Stored data
--- START ---

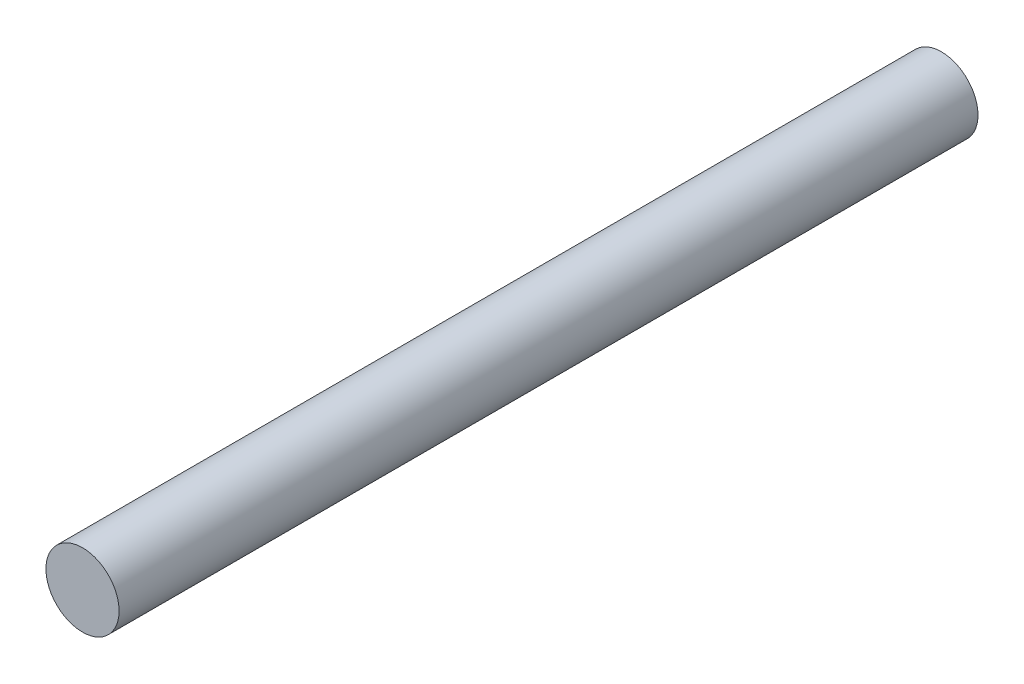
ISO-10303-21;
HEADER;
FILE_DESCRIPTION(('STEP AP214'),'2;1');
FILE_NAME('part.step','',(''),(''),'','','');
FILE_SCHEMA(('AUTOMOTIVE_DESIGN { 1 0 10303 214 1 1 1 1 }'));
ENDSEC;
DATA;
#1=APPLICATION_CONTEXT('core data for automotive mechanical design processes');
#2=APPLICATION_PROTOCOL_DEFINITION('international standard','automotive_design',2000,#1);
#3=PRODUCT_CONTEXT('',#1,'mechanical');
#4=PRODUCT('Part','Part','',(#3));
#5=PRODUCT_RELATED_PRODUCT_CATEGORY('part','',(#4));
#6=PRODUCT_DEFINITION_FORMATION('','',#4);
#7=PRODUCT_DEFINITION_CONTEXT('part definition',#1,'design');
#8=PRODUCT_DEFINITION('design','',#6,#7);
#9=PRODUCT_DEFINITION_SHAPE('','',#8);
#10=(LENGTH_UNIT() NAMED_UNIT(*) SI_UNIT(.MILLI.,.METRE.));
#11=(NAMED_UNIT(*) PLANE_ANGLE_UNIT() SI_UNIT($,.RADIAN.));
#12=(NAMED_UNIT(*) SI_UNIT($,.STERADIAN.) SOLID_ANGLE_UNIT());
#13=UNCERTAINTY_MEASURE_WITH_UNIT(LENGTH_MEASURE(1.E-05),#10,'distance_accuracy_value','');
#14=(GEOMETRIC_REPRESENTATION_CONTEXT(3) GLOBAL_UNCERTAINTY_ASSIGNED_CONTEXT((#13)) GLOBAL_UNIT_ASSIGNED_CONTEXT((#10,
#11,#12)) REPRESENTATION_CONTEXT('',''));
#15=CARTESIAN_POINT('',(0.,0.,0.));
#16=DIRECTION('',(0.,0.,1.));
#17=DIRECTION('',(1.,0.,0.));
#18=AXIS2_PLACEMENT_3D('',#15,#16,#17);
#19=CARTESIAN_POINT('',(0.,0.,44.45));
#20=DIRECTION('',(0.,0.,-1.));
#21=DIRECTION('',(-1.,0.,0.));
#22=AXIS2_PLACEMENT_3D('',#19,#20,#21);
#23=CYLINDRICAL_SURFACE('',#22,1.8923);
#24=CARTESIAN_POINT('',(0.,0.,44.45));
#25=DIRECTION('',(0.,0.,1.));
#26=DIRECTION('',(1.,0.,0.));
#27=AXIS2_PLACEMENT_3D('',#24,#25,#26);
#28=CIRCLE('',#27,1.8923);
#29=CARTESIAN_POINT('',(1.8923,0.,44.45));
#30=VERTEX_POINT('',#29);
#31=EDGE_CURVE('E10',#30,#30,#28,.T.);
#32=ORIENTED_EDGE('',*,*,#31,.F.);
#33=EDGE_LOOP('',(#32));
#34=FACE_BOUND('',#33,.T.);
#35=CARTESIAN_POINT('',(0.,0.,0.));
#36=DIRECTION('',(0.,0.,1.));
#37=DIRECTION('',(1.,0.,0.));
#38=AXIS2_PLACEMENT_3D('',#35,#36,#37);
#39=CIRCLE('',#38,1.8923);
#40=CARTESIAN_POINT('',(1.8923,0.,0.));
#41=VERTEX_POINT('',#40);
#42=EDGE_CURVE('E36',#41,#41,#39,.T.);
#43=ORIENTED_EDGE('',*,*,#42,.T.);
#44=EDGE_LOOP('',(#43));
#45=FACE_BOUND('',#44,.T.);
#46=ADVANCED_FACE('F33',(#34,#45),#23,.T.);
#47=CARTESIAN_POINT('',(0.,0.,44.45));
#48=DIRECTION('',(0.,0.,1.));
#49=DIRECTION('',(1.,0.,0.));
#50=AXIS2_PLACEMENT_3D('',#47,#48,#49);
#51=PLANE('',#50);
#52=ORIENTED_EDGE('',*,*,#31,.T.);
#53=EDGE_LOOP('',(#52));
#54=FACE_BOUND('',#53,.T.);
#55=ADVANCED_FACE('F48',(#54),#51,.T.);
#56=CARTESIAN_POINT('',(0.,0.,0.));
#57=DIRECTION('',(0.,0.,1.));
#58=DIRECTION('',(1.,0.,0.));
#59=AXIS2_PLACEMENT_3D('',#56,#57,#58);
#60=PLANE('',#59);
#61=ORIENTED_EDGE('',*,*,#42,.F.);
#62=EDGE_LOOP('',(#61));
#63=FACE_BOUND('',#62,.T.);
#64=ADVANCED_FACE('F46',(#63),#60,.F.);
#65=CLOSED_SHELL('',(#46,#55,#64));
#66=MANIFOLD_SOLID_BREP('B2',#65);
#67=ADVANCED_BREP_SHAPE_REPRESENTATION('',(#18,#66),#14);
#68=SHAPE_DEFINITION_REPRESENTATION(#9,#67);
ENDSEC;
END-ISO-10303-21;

--- END ---

> **Problem requirements**
Would you print, exactly as written, every line above from the one holding "#9=PRODUCT_DEFINITION_SHAPE('','',#8);" through the one holding "#30=VERTEX_POINT('',#29);", with both included and no other lines?

> **Output of the task**
#9=PRODUCT_DEFINITION_SHAPE('','',#8);
#10=(LENGTH_UNIT() NAMED_UNIT(*) SI_UNIT(.MILLI.,.METRE.));
#11=(NAMED_UNIT(*) PLANE_ANGLE_UNIT() SI_UNIT($,.RADIAN.));
#12=(NAMED_UNIT(*) SI_UNIT($,.STERADIAN.) SOLID_ANGLE_UNIT());
#13=UNCERTAINTY_MEASURE_WITH_UNIT(LENGTH_MEASURE(1.E-05),#10,'distance_accuracy_value','');
#14=(GEOMETRIC_REPRESENTATION_CONTEXT(3) GLOBAL_UNCERTAINTY_ASSIGNED_CONTEXT((#13)) GLOBAL_UNIT_ASSIGNED_CONTEXT((#10,
#11,#12)) REPRESENTATION_CONTEXT('',''));
#15=CARTESIAN_POINT('',(0.,0.,0.));
#16=DIRECTION('',(0.,0.,1.));
#17=DIRECTION('',(1.,0.,0.));
#18=AXIS2_PLACEMENT_3D('',#15,#16,#17);
#19=CARTESIAN_POINT('',(0.,0.,44.45));
#20=DIRECTION('',(0.,0.,-1.));
#21=DIRECTION('',(-1.,0.,0.));
#22=AXIS2_PLACEMENT_3D('',#19,#20,#21);
#23=CYLINDRICAL_SURFACE('',#22,1.8923);
#24=CARTESIAN_POINT('',(0.,0.,44.45));
#25=DIRECTION('',(0.,0.,1.));
#26=DIRECTION('',(1.,0.,0.));
#27=AXIS2_PLACEMENT_3D('',#24,#25,#26);
#28=CIRCLE('',#27,1.8923);
#29=CARTESIAN_POINT('',(1.8923,0.,44.45));
#30=VERTEX_POINT('',#29);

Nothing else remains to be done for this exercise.